La tua pratica attinge a un’ampia gamma di riferimenti, dalla geologia alla mitologia fino alla storia della scienza. In che misura questo approccio ibrido ha influenzato la tua decisione di cercare un contesto internazionale per il tuo lavoro?
La mia pratica è sempre stata guidata da una sorta di curiosità epistemologica, un interesse per il modo in cui la conoscenza viene costruita, classificata e talvolta anche resa finzionale. Il fatto di attingere alla geologia, alla mitologia e alla storia della scienza non è mai stato una scelta strategica, ma piuttosto il risultato naturale della convergenza di interessi diversi. Tuttavia, questo approccio ibrido ha trovato un terreno più fertile quando mi sono trasferito dall’Italia al Regno Unito. In particolare, l’eredità della cultura vittoriana, con la sua ossessione per la tassonomia, il collezionismo e l’istituzionalizzazione del sapere attraverso musei, archivi e società scientifiche, è diventata per me un riferimento importante.La tendenza vittoriana a sfumare i confini tra indagine scientifica e immaginazione speculativa risuona profondamente con il mio approccio. Trasferirmi a Londra, quindi, non è stato solo un modo per accedere a una piattaforma internazionale più ampia, ma anche per collocare la mia pratica all’interno di un quadro culturale e storico in cui il pensiero interdisciplinare e persino l’ambiguità hanno radici profonde e sono più facilmente riconosciuti e valorizzati.

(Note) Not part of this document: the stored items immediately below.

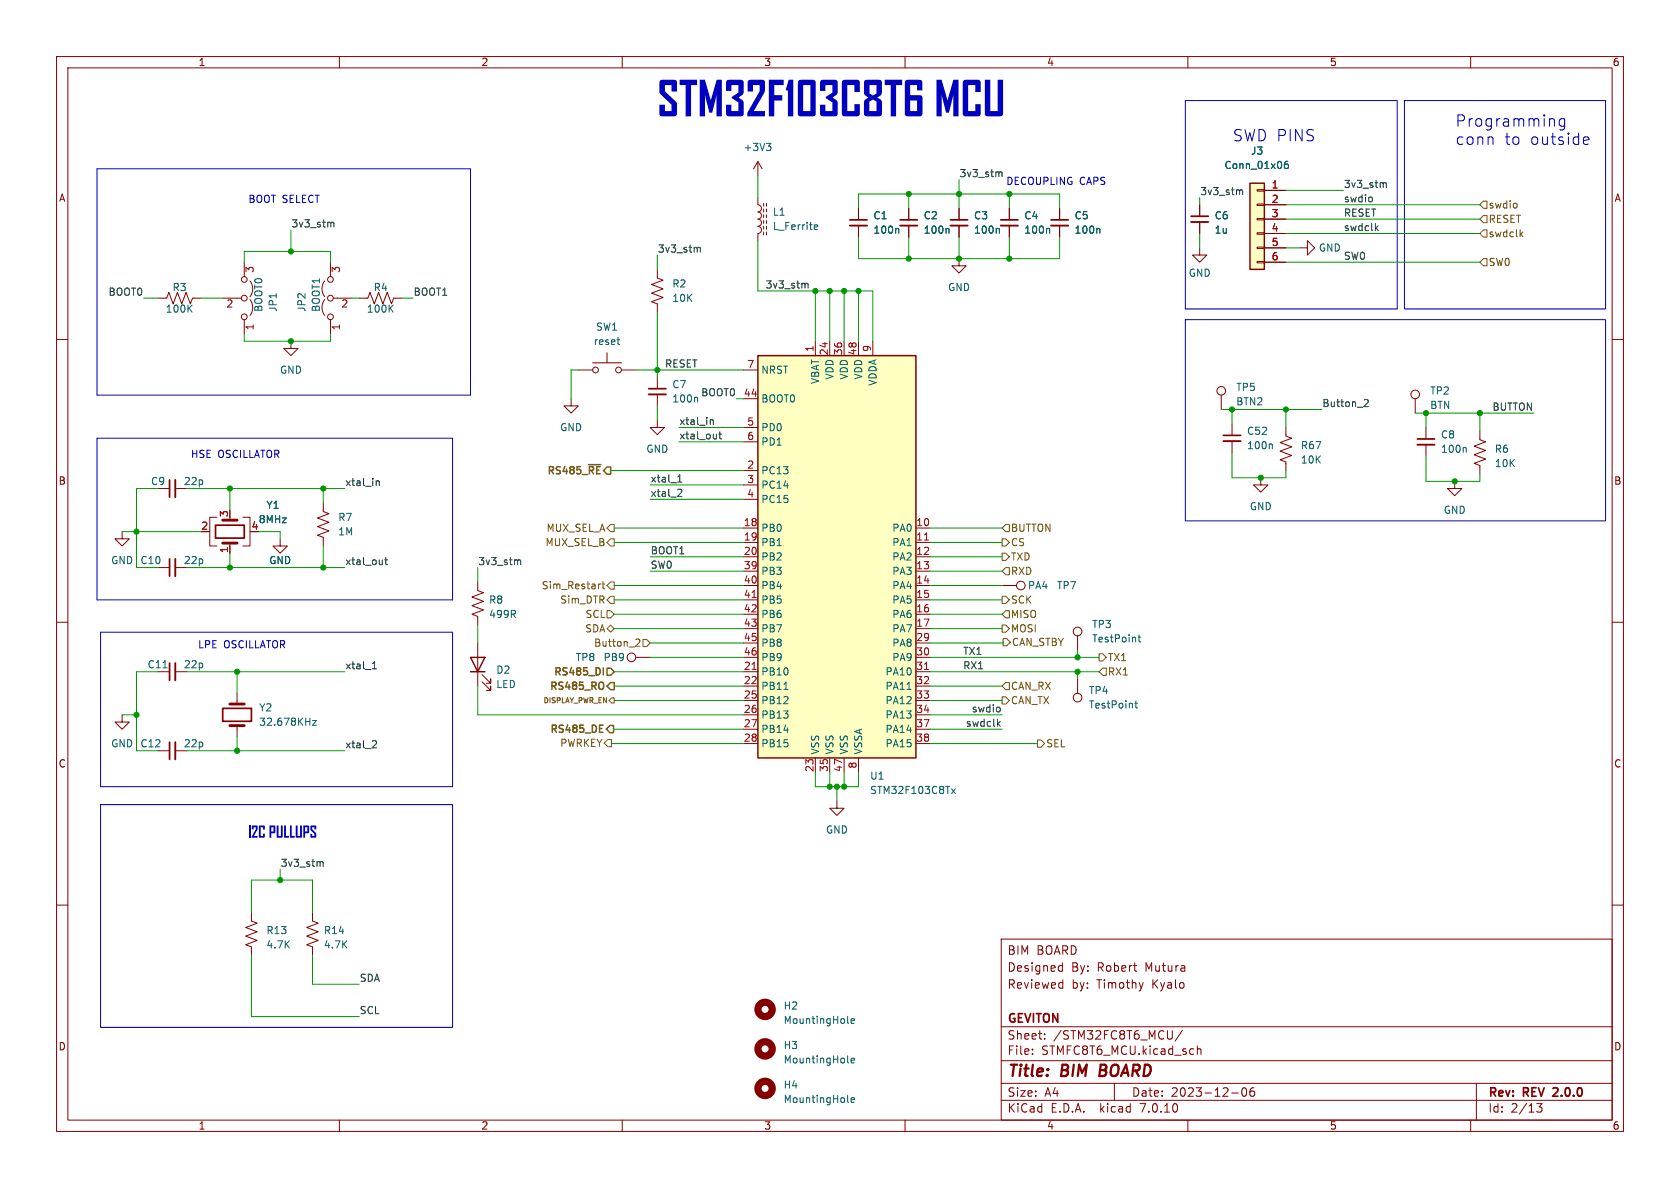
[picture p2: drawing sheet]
<svg xmlns="http://www.w3.org/2000/svg" width="297mm" height="210mm" viewBox="0 0 297 210" stroke-linecap="round" stroke-linejoin="round" font-family="sans-serif">
<g fill="none" stroke="#840000" stroke-width=".18">
<path d="M10 10h277v190h-277zM12 12h273v186h-273zM60 10v2M110 10v2M160 10v2M210 10v2M260 10v2M134 34.9v1.3a.64 .64 0 0 1 .6 .6 .64 .64 0 0 1-.6 .7 .64 .64 0 0 1 .6 .6 .64 .64 0 0 1-.6 .6 .64 .64 0 0 1 .6 .7 .64 .64 0 0 1-.6 .6 .64 .64 0 0 1 .6 .6 .64 .64 0 0 1-.6 .7v1.2M134 28.6v2.5M134 28.6l-.8 1.2M134 28.6l.7 1.2M135 35.9v.5"/>
<path d="M135 37v.5M135 38v.5M135 39v.5M135.5 35.9v.5M135.5 37v.5M135.5 38v.5M135.5 39v.5M151.8 36.8v2.1M151.8 39.9v2M160.7 36.8v2.1M160.7 39.9v2M169.5 36.8v2.1"/>
<path d="M169.5 39.9v2M178.4 36.8v2.1M178.4 39.9v2M187.3 36.8v2.1M187.3 39.9v2M212.1 36.2v2M212.1 39.2v2.1M222.2 38.6h1.3v.3h-1.3zM222.2 36.1h1.3v.2h-1.3zM222.2 33.5h1.3v.3h-1.3zM223.5 33.7h3.8M223.5 36.2h3.8"/>
<path d="M223.5 38.7h3.8M10 60h2M27.9 52.7h1.6l.3-1 .8 2 .8-2 .7 2 .8-2 .8 2 .3-1h1.6M39.4 52.7h3.3M43.2 46.4v2.5M43.2 56.5v2.6M44.2 53a2.26 2.26 0 0 1 0 2.8M44.2 49.7a2.26 2.26 0 0 1 0 2.8M57.4 53a2.26 2.26 0 0 0 0 2.8M57.4 49.7a2.26 2.26 0 0 0 0 2.8M58.4 46.4v2.5M58.4 56.5v2.6"/>
<path d="M58.9 52.7h3.3M63.5 52.7h1.5l.4-1 .8 2 .7-2 .8 2 .8-2 .7 2 .4-1h1.5M116.2 47.6v1.5l1 .4-2 .8 2 .8-2 .7 2 .8-2 .7 1 .4v1.5M135 40v.5M135 41v.5M135.5 40v.5M135.5 41v.5M169.5 45.7v1.3h1.3l-1.3 1.3-1.2-1.3h1.2M212.1 43.8v1.3h1.3l-1.3 1.3-1.3-1.3h1.3M222.2 46.2h1.3v.3h-1.3zM222.2 43.7h1.3v.2h-1.3zM222.2 41.1h1.3v.3h-1.3z"/>
<path d="M223.5 41.3h3.8M223.5 43.8h3.8M223.5 46.4h3.8M229.9 43.8h1.2v-1.3l1.3 1.3-1.3 1.3v-1.3M285 60h2M51.4 60.3v1.3h1.3l-1.3 1.3-1.2-1.3h1.2M101 70.5v1.3h1.2l-1.2 1.2-1.3-1.2h1.3M102.2 65.4h2.6M104.8 64.1h5.1M107.3 62.4v1.7M109.9 65.4h2.5M116.2 74.3v1.3h1.3l-1.3 1.2-1.3-1.2h1.3"/>
<path d="M116.2 66.7v2M116.2 69.7v2.1M131.4 65.4h2.6M131.4 70.5h2.6M131.4 75.6h2.6M131.4 78.1h2.6M144.1 60.3v2.6M146.7 60.3v2.6M149.2 60.3v2.6M151.8 60.3v2.6M154.3 60.3v2.6M215.9 69.9v2.5"/>
<path d="M217.8 74.9v2.1M217.8 78v2M227.3 75.6v1.5l1 .4-2 .7 2 .8-2 .8 2 .7-2 .8 1 .4v1.5M250.2 70.5v2.5M252.1 75.6v2M252.1 78.6v2M261.6 76.2v1.5l1 .4-2 .8 2 .7-2 .8 2 .8-2 .7 1 .4v1.5M21.6 94v1.3h1.3l-1.3 1.2-1.3-1.2h1.3M27.9 86.4h2.1M31 86.4h2M36.8 94h.3M38.4 91.4h-1.3v5.1h1.3"/>
<path d="M40.6 96v1.8M42.9 91.4h1.3v5.1h-1.3M49.5 95.3v1.2h1.3l-1.3 1.3-1.2-1.3h1.2M57.1 88.9v1.5l1.1 .4-2.1 .8 2.1 .7-2.1 .8 2.1 .8-2.1 .7 1 .4v1.5M131.4 93.3h2.6M131.4 95.9h2.6M131.4 98.4h2.6M131.4 83.2h2.6M131.4 85.7h2.6M131.4 88.3h2.6M161.9 93.3h2.6M161.9 95.9h2.6"/>
<path d="M161.9 98.4h2.6M222.9 84.5v1.2h1.3l-1.3 1.3-1.3-1.3h1.3M257.2 85.1v1.3h1.2l-1.2 1.2-1.3-1.2h1.3M10 110h2M27.9 118.7h2.1M27.9 100.3h2.1M31 118.7h2M31 100.3h2M84.5 102.9v1.5l1 .4-2.1 .7 2.1 .8-2.1 .8 2.1 .7-2.1 .8 1.1 .4v1.5M84.5 113.7v7.6M85.2 119.3l1.5 1.5v-.8v.8h-.7M112.4 116.2h2.5"/>
<path d="M131.4 116.2h2.6M131.4 118.7h2.6M131.4 103.5h2.6M131.4 101h2.6M131.4 106h2.6M131.4 108.6h2.6M131.4 111.1h2.6M131.4 113.7h2.6M161.9 116.2h2.6M161.9 118.7h2.6M161.9 103.5h2.6M161.9 101h2.6"/>
<path d="M161.9 106h2.6M161.9 108.6h2.6M161.9 111.1h2.6M161.9 113.7h2.6M177.2 103.5h2.5M190.5 112.4v2.5M285 110h2M21.6 126.4v1.2h1.3l-1.3 1.3-1.3-1.3h1.3M27.9 132.7h2.1M31 132.7h2M41.9 122.6v1.9M41.9 128.3v1.9"/>
<path d="M85.2 120.5l1.5 1.5v-.7v.7h-.7M131.4 121.3h2.6M131.4 123.8h2.6M131.4 126.4h2.6M131.4 128.9h2.6M131.4 131.4h2.6M144.1 134v2.5M146.7 134v2.5M149.2 134v2.5M151.8 134v2.5M161.9 121.3h2.6M161.9 123.8h2.6"/>
<path d="M161.9 126.4h2.6M161.9 128.9h2.6M161.9 131.4h2.6M190.5 120v2.6M10 160h2M148 141.6v1.3h1.2l-1.2 1.2-1.3-1.2h1.3M285 160h2M44.4 161.3v1.5l1.1 .4-2.1 .8 2.1 .7-2.1 .8 2.1 .7-2.1 .8 1 .4v1.5M55.2 161.3v1.5l1.1 .4-2.1 .8 2.1 .7-2.1 .8 2.1 .7-2.1 .8 1 .4v1.5M177 166h108v32h-108zM187.4 170.7l.4 .1M187.7 173.7l.2 .1"/>
<path d="M187.8 170.2v1.5M187.8 171.6l-.4 .1M187.9 173.2v1.5M187.9 174.6l-.2 .1M202.1 173.7l-.4 1M60 198v2M110 198v2M160 198v2M177 194.5h108M177 191.5h108M177 187.5h108M177 181.5h108"/>
<path d="M182.5 186.3v.1M182.5 185.5v.1M184.7 183.6v.1M184.7 182.8v.1M197 191.5v3M207.2 182.2v1.4M209 182.1l-1.3 2M210 198v2M211.7 184.9v1.5M211.7 185.5l.2-.1 .3 .1 .1 .9M217.7 193.2h1.2M219.7 192.4l.2-.1a.81 .81 0 0 1 .6 .6 .81 .81 0 0 1-.3 .8l-.2 .1a.81 .81 0 0 1-.3-1.4z"/>
<path d="M221.7 192.3a.59 .59 0 0 0-.7 .6v.6l.1 .2 .4 .1 .2-.1 .1-.5-.1-.3h-.5l-.2 .3M260 198v2M261 191.5v6.5M271.7 195.1h.9l-.5 .6 .4 .1v.7l-.2 .1-.6-.1"/>
<circle cx="43.2" cy="49.4" r=".51"/>
<circle cx="43.2" cy="52.7" r=".51"/>
<circle cx="43.2" cy="56" r=".51"/>
<circle cx="58.4" cy="49.4" r=".51"/>
<circle cx="58.4" cy="56" r=".51"/>
<circle cx="58.4" cy="52.7" r=".51"/>
<circle cx="105.3" cy="65.4" r=".51"/>
<circle cx="109.3" cy="65.4" r=".51"/>
<circle cx="215.9" cy="69.1" r=".76"/>
<circle cx="250.2" cy="69.7" r=".76"/>
<circle cx="111.6" cy="116.2" r=".76"/>
<circle cx="180.5" cy="103.5" r=".76"/>
<circle cx="190.5" cy="111.6" r=".76"/>
<circle cx="190.5" cy="123.3" r=".76"/>
</g>
<g fill="none" stroke="#840000" stroke-width=".3">
<path d="M150.2 38.9h3.1M159.1 38.9h3.1M168 38.9h3.1M176.9 38.9h3.1M185.8 38.9h3M210.6 38.2h3M114.7 68.7h3M216.3 77h3M250.6 77.6h3M30 84.8v3.1M30 98.8v3.1M38.1 92.8h5.1v2.3h-5.1z"/>
<path d="M30 117.2v3.1M30 131.2v3M39.4 125.2h5v2.3h-5zM274.6 192.4h.1M275.3 192.9l-.8 .9h.9"/>
</g>
<path d="M194.6 188.2l-.3 2h.8" fill="none" stroke="#840000" stroke-width=".4"/>
<g fill="none" stroke="#840000" stroke-width=".33">
<path d="M150.2 39.9h3.1M159.1 39.9h3.1M168 39.9h3.1M176.9 39.9h3.1M185.8 39.9h3M210.6 39.2h3M114.7 69.7h3M216.3 78h3M250.6 78.6h3M31 84.8v3.1M31 98.8v3.1M31 117.2v3.1"/>
<path d="M31 131.2v3"/>
</g>
<g fill="none" stroke="#006464" stroke-width=".18">
<path d="M135.5 25.3h.8l-.4 .5M136 25.8l.3 .3v.3l-.3 .2M144.1 39.7l.4 .1 .1 .2-.6 .2M227.7 28.5l-.4 .1a.86 .86 0 0 0 0 1.2l.4-.1 .1-.5-.3-.2-.3 .1-.1 .1M33.4 54.5l.6 .7M34 53.9l-.8 .7M69 54.5l.5 .7M69.5 53.9l-.7 .7M144.5 40.5l-.4 .1M158.7 40.4l.2 .2v.6M167.6 40.4l.2 .2v.6M176.5 40.4l.2 .2v.6"/>
<path d="M185.4 40.4l.2 .2v.6M194.3 40.4l.2 .2v.6M109.1 60.1h.5M109.3 60.8l.3 .1M123.1 70.2l.2 .2v.7M224.7 78.5l.2 .2v.6M259 79.1l.2 .2v.7M28.8 118.1h.7M201.2 112.6h.5M201.4 112.2v1.1l.3 .2M55.3 127.4h.6l-.6 .8h.6M138.6 121.9h.7"/>
<path d="M160.3 121.9h.8M168.2 139.4l.7 .9M168.9 139.4l-.7 .9M200.6 124.3h.5M200.8 123.9v1.1l.3 .2M149.8 194.7l.2 .2M149.8 180.7l.2 .2M149.8 187.7l.2 .2M150.5 194.5l.6-.2-.1-.2-.4-.1-.1 .2v.6h.5M150.5 180.5l.6-.1-.1-.3h-.4l-.1 .2v.6h.5M150.5 187.5l.6-.1-.1-.3h-.4l-.1 .1v.6h.5"/>
</g>
<path d="M221 32.4h2.5v15.2h-2.5zM134 62.9h27.9v71.1h-27.9zM83.2 116.2h2.5l-1.2 2.5zM83.2 118.7h2.5" fill="none" stroke="#840000" stroke-width=".25"/>
<g fill="none" stroke="#840000" stroke-width="1.3">
<circle cx="135.3" cy="178.4" r="1.27"/>
<circle cx="135.3" cy="185.4" r="1.27"/>
<circle cx="135.3" cy="192.4" r="1.27"/>
</g>
<path d="M39.4 96h2.5M39.4 91.9h2.5M40.6 128.3h2.6M40.6 124.5h2.6" fill="none" stroke="#840000" stroke-width=".51"/>
<g fill="#ffffc2" stroke="#ffffc2" stroke-width=".18">
<path d="M221 32.4h2.5v15.2h-2.5z"/>
<path d="M134 62.9h27.9v71.1h-27.9z"/>
</g>
<path d="M163.4 95.5h.8M133 118.3h.7M133 105.6h.7M163.4 118.3h.8" fill="none" stroke="#a90000" stroke-width=".18"/>
<g fill="none" stroke="#725600" stroke-width=".18">
<path d="M262.3 38.1h.6v1.3h-.6l-.7-.7zM262.3 35.6h.6v1.2h-.6l-.7-.6zM268.1 36v.7M262.3 40.6h.6v1.3h-.6l-.7-.6zM262.3 45.7h.6v1.3h-.6l-.7-.6zM268.9 41.4l.3 .5M269.2 41l-.5 .5M107.9 92.7h.7v1.3h-.7l-.6-.7zM107.9 95.3h.7v1.2h-.7l-.6-.6zM177.2 95.3h.6l.6 .6-.6 .6h-.6zM177.2 97.8h.6l.6 .6-.6 .7h-.6zM177.8 92.7h.6v1.3h-.6l-.6-.7z"/>
<path d="M106.2 103.2l-.3 .1M106.4 103.2h.5M106.6 102.8v1.1l.3 .2M107.3 111.1l.6-.6 .7 .6-.7 .7zM107.3 108h.6l.7 .6-.7 .6h-.6zM107.9 102.9h.7v1.2h-.7l-.6-.6zM107.9 105.4h.7v1.3h-.7l-.6-.7zM112.5 113h.4l.2 .3-.8 .9h.8M113.7 113h.6l.6 .7-.6 .6h-.6zM177.2 105.4h.6l.6 .6-.6 .7h-.6zM177.2 110.5h.6l.6 .6-.6 .7h-.6zM177.3 112.9h.7l.6 .6-.6 .7h-.7z"/>
<path d="M177.8 100.3h.6v1.3h-.6l-.6-.6zM177.8 108h.6v1.2h-.6l-.6-.6zM194.3 115.6h.6l.7 .6-.7 .6h-.6zM194.9 118.1h.7v1.3h-.7l-.6-.7zM107.5 130.7h.6v1.3h-.6l-.7-.6zM108.1 123.4h.5v.9h-.5l-.4-.5zM177.2 123.2h.6l.6 .6-.6 .7h-.6zM177.8 120.7h.6v1.2h-.6l-.6-.6zM183.4 130.8h.6l.7 .6-.7 .7h-.6z"/>
</g>
<path d="M104 82.1h2.2M106.7 118v1.3M107.3 118.1h.6l.7 .6-.7 .7h-.6zM106 128.8h.4M106 129.4h.6M106 128.2h.6M106.4 120.6h.1a.81 .81 0 0 1-.1 1.3M107.8 128.2h.7v1.3h-.7l-.6-.6zM107.9 120.7h.7v1.2h-.7l-.6-.6z" fill="none" stroke="#725600" stroke-width=".25"/>
<g fill="none" stroke="#0f0f0f" stroke-width=".18">
<path d="M58.6 39.3h.4v.8M176.7 30.5h.4v.7M219.2 33.6h.4l.1 .8M242.5 35v.6M243.6 39.9l-.4 .5M244.6 32.4h.4l.1 .7M123.3 43.8h.4l.1 .8M142.4 50.1h.4l.1 .8M243.3 40.3l.3 .5M125.6 74.3h.4l.1 .8M127.1 76.7h.5M127.3 76.3v1.1l.3 .2"/>
<path d="M241.2 70.7l.4-.1 .3 .4-.8 .9h.8M66.6 85.1h.4v.7M68 99h.5M68.2 98.5v1.1l.3 .2M91.6 99h.4l.1 .8M119.8 85.2h.7M119.8 84.3l.4-.4v1.3M120 86.5h.4l.1 .3-.7 1h.7M65.8 118.2h.8M65.8 117.3l.4-.3v1.2M66 130.9l.4 .1 .2 .3-.8 .9h.8M176.5 127.9l.3 .5"/>
<path d="M176.8 125.1v.6M176.8 127.5l-.5 .5M56.6 152.4h.5v.8"/>
</g>
<path d="M209.5 17.8h37.5v36.8h-37.5zM248.3 17.8h35.5v36.8h-35.5zM17.1 29.8h66.1v40.1h-66.1zM274.7 21.1l.1 1.2M276.6 21v1.6l-.2 .3M276.6 21.1l-.6-.1-.3 .4v.5l.1 .3 .2 .1 .6-.1M280.2 24.2l.6 .1 .1 .4-1 .2M280.8 25.4l-.6 .1M209.5 56.5h74.3v35.6h-74.3zM17.1 77.5h62.9v28.5h-62.9zM17.8 111.8h62.2v27.3h-62.2zM17.8 142.2h62.2v39.4h-62.2z" fill="none" stroke="#0000c2" stroke-width=".18"/>
<g fill="none" stroke="#009600" stroke-width=".18">
<path d="M134 31.1v3.8M151.8 36.8v-2.5h35.5v2.5M160.7 34.3v2.5M169.5 31.8v5M178.4 34.3v2.5M212.1 34.9v1.3M227.3 33.7h10.2M227.3 36.2h34.3M227.3 38.7h34.3M25.4 52.7h2.5M35.6 52.7h3.8M43.2 46.4v-1.9h15.2v1.9"/>
<path d="M43.2 59.1v1.2h15.2v-1.2M51.4 40.6v3.9M62.2 52.7h1.3M71.1 52.7h1.9M116.2 45.1v2.5M116.2 55.2v11.5M134 42.5v8.9h20.3v8.9M144.1 51.4v8.9M146.7 51.4v8.9M149.2 51.4v8.9M151.8 41.9v3.8h35.5v-3.8M151.8 51.4v8.9"/>
<path d="M160.7 41.9v3.8M169.5 41.9v3.8M178.4 41.9v3.8M212.1 41.3v2.5M227.3 43.8h2.6M227.3 41.3h34.3M227.3 46.4h34.3M102.2 65.4h-1.2v5.1M112.4 65.4h19M116.2 71.8v2.5M120 75.6h11.4M120 78.1h11.4"/>
<path d="M130.2 70.5h1.2M215.9 72.4h17.8M217.8 72.4v2.5M227.3 72.4v3.2M250.2 73h20.9M252.1 73v2.6M261.6 73v3.2M21.6 94h14M27.9 86.4h-3.8v13.9h3.8M33 86.4h28M40.6 86.4v3.8M40.6 97.8v2.5"/>
<path d="M45.7 94h3.8v1.3M57.1 86.4v2.5M57.1 96.5v3.8M107.9 83.2h23.5M108.6 95.9h22.8M108.6 93.3h22.8M114.9 98.4h16.5M114.9 85.7h16.5M114.9 88.3h16.5M164.5 95.9h12.7M164.5 98.4h12.7M164.5 93.3h12.7"/>
<path d="M217.8 80v4.5h9.5v-1.3M252.1 80.6v4.5h9.5v-1.3M27.9 118.7h-3.8v14h3.8M33 118.7h28M33 100.3h28M41.9 118.7v3.9M84.5 100.3v2.6M84.5 110.5v3.2M108.6 118.7h22.8M108.6 111.1h22.8M108.6 106h22.8M108.6 103.5h22.8"/>
<path d="M108.6 108.6h22.8M114.9 116.2h16.5M114.9 113.7h16.5M114.9 101h16.5M164.5 118.7h29.8M164.5 116.2h29.8M164.5 111.1h12.7M164.5 106h12.7M164.5 103.5h12.7M164.5 101h12.7M164.5 108.6h12.7M177.3 113.5v.2h-12.8"/>
<path d="M190.5 114.9v1.3M190.5 118.7v1.3M21.6 126.4h2.5M33 132.7h28M41.9 130.2v2.5M84.5 121.3v5.1h46.9M108.1 131.4h23.3M108.5 128.9h22.9M108.6 123.8h22.8M108.6 121.3h22.8M144.1 136.5v2.6h7.7v-2.6M146.7 136.5v2.6"/>
<path d="M148 139.1v2.5M149.2 136.5v2.6M164.5 126.4h12.7M164.5 123.8h12.7M164.5 121.3h12.7M164.5 128.9h12.7M164.5 131.4h18.9M49.5 153.7v1.9M44.4 161.3v-5.7h10.8v5.7M44.4 168.9v10.8h19.1M55.2 168.9v5.1h8.3"/>
</g>
<g fill="#009600" stroke="#009600" stroke-width=".18">
<circle cx="24.1" cy="126.4" r=".46"/>
<circle cx="40.6" cy="100.3" r=".46"/>
<circle cx="41.9" cy="118.7" r=".46"/>
<circle cx="49.5" cy="155.6" r=".46"/>
<circle cx="41.9" cy="132.7" r=".46"/>
<circle cx="40.6" cy="86.4" r=".46"/>
<circle cx="57.1" cy="86.4" r=".46"/>
<circle cx="24.1" cy="94" r=".46"/>
<circle cx="148" cy="139.1" r=".46"/>
<circle cx="149.2" cy="139.1" r=".46"/>
<circle cx="146.7" cy="139.1" r=".46"/>
<circle cx="57.1" cy="100.3" r=".46"/>
<circle cx="51.4" cy="60.3" r=".46"/>
<circle cx="51.4" cy="44.5" r=".46"/>
<circle cx="144.1" cy="51.4" r=".46"/>
<circle cx="116.2" cy="65.4" r=".46"/>
<circle cx="222.9" cy="84.5" r=".46"/>
<circle cx="252.1" cy="73" r=".46"/>
<circle cx="257.2" cy="85.1" r=".46"/>
<circle cx="217.8" cy="72.4" r=".46"/>
<circle cx="190.5" cy="116.2" r=".46"/>
<circle cx="190.5" cy="118.7" r=".46"/>
<circle cx="178.4" cy="34.3" r=".46"/>
<circle cx="169.5" cy="45.7" r=".46"/>
<circle cx="169.5" cy="34.3" r=".46"/>
<circle cx="160.7" cy="45.7" r=".46"/>
<circle cx="151.8" cy="51.4" r=".46"/>
<circle cx="160.7" cy="34.3" r=".46"/>
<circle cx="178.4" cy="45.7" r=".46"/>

Trasferirsi e lavorare in una città come Londra è stato un passaggio decisivo nella tua carriera. Quali difficoltà hai incontrato all’inizio?
Trasferirmi a Londra è stato allo stesso tempo necessario e intenzionale. C’erano sicuramente ragioni pragmatiche: una società meritocratica, un accesso all’istruzione selettivo ma al tempo stesso libero, istituzioni stimolanti, visibilità e una rete artistica che semplicemente non esisteva allo stesso modo in Italia in quel periodo. Ma si trattava anche di entrare in un contesto in cui ambiguità e sperimentazione erano accettate e incoraggiate. Londra offriva un’apertura intellettuale che rispondeva perfettamente alle mie esigenze di allora. Detto questo, le difficoltà iniziali sono state significative: instabilità economica, la difficoltà di affermarsi in un ambiente altamente competitivo e il senso di spaesamento che deriva dall’abbandonare il proprio contesto culturale. Tutti elementi che mi hanno costretto a mettermi continuamente in discussione.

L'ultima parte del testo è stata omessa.